▶ **Aim of the task**
Search the records for the string "capable" and copy every line in which it appears.

▶ **Data**
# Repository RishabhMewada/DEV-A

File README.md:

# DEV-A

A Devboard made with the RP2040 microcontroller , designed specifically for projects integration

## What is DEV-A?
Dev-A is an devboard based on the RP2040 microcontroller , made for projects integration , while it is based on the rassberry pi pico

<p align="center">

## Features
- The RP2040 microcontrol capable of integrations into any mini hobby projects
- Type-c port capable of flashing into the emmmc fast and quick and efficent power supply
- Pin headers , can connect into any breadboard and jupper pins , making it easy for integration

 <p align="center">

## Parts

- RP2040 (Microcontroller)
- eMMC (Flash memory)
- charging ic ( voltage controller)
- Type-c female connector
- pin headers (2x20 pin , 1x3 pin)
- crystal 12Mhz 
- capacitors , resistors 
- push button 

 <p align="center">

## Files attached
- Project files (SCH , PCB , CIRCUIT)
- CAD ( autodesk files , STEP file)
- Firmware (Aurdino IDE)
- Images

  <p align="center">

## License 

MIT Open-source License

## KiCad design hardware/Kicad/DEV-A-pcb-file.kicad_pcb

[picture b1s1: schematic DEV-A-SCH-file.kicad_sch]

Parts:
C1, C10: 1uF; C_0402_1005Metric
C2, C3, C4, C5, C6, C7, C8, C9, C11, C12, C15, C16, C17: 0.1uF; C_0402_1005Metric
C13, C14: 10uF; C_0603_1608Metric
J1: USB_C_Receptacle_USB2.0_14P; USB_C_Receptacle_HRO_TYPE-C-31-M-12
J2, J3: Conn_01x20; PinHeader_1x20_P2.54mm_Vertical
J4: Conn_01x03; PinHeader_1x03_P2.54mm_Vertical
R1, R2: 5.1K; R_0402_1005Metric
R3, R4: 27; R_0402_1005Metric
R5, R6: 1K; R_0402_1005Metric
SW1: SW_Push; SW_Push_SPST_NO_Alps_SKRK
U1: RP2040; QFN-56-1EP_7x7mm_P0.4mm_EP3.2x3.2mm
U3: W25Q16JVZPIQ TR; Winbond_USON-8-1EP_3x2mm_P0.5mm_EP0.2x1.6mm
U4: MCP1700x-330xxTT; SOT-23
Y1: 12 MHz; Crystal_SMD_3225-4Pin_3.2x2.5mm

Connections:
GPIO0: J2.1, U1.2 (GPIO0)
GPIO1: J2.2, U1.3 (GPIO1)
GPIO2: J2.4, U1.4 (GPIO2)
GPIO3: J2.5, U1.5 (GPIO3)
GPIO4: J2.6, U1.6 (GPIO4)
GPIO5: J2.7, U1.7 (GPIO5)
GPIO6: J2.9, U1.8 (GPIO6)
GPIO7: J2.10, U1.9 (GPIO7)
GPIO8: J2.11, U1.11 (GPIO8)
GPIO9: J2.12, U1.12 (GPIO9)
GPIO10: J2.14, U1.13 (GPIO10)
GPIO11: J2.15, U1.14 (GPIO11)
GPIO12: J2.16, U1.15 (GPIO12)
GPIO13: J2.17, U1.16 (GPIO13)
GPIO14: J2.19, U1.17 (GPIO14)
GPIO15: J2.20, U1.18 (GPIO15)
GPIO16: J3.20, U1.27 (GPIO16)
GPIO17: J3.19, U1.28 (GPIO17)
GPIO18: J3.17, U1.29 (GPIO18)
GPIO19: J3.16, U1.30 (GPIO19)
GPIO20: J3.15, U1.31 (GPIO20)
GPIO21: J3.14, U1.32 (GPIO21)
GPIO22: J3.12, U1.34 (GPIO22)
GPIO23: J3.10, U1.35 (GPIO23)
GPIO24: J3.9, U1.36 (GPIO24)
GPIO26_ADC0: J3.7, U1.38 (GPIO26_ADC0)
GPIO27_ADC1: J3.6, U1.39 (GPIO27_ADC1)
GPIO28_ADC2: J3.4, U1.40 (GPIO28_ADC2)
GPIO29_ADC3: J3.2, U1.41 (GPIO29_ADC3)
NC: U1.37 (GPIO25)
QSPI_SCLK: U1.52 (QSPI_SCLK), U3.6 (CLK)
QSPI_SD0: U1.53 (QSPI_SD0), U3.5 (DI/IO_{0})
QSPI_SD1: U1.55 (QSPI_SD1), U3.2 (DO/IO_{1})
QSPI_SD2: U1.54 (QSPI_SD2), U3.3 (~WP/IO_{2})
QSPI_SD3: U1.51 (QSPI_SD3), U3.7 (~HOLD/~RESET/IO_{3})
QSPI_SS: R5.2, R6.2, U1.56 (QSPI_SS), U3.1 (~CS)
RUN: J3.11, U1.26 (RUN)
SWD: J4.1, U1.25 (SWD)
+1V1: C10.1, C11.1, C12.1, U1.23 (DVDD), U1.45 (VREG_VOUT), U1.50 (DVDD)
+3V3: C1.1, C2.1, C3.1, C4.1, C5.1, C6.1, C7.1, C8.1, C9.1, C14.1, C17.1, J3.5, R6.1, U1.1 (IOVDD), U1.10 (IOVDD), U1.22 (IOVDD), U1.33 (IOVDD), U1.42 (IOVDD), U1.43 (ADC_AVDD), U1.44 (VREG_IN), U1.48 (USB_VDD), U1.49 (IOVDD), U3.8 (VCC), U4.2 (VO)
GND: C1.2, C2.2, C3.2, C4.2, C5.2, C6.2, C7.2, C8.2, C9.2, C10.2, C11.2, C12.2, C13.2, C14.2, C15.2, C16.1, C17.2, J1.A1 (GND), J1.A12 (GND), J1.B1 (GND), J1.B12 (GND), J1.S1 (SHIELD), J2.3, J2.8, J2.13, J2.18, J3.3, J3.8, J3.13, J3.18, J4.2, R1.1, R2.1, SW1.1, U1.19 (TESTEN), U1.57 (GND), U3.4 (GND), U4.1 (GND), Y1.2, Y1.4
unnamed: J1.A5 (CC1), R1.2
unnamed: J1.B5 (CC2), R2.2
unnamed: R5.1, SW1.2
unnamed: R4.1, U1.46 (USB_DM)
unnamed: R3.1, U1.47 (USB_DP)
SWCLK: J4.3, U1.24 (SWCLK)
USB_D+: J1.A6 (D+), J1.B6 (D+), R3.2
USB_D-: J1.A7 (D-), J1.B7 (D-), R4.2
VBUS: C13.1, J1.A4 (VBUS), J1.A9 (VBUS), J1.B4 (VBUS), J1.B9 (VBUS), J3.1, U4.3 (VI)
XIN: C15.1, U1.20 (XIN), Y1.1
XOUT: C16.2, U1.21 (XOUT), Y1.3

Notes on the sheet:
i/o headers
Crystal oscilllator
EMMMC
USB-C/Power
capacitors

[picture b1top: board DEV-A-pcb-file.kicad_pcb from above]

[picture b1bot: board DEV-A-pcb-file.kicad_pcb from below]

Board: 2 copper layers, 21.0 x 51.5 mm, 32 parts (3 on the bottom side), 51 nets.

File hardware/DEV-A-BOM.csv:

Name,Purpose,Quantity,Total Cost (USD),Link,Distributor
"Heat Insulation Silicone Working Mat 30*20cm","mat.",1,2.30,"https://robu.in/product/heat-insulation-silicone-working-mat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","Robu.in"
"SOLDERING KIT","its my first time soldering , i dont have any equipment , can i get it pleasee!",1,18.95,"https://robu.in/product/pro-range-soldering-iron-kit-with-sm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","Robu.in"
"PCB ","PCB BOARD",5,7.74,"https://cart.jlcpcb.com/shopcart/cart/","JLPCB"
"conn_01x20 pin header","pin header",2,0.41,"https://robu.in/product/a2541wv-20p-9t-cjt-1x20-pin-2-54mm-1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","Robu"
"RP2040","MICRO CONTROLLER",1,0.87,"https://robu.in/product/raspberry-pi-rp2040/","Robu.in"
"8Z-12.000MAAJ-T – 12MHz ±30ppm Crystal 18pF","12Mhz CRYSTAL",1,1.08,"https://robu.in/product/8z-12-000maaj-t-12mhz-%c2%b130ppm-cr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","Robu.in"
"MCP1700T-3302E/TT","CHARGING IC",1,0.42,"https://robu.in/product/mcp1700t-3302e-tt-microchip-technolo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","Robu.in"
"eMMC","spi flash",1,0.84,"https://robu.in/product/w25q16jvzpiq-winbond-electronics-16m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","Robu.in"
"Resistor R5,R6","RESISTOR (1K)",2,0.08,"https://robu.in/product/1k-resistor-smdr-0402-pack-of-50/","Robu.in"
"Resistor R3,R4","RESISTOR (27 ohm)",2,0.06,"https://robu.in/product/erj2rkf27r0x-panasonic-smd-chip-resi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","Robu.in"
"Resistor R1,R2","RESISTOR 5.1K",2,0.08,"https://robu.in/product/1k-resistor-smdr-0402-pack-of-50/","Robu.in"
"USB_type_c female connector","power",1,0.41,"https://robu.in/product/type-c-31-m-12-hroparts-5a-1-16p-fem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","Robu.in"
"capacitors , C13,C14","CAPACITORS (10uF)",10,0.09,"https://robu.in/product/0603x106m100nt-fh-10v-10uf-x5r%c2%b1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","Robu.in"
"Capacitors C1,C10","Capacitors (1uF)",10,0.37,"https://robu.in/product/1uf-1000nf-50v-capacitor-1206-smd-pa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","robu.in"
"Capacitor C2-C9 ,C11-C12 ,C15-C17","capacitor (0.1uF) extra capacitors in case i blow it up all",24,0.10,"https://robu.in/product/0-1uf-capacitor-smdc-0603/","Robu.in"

▶ **Your response**
- The RP2040 microcontrol capable of integrations into any mini hobby projects
- Type-c port capable of flashing into the emmmc fast and quick and efficent power supply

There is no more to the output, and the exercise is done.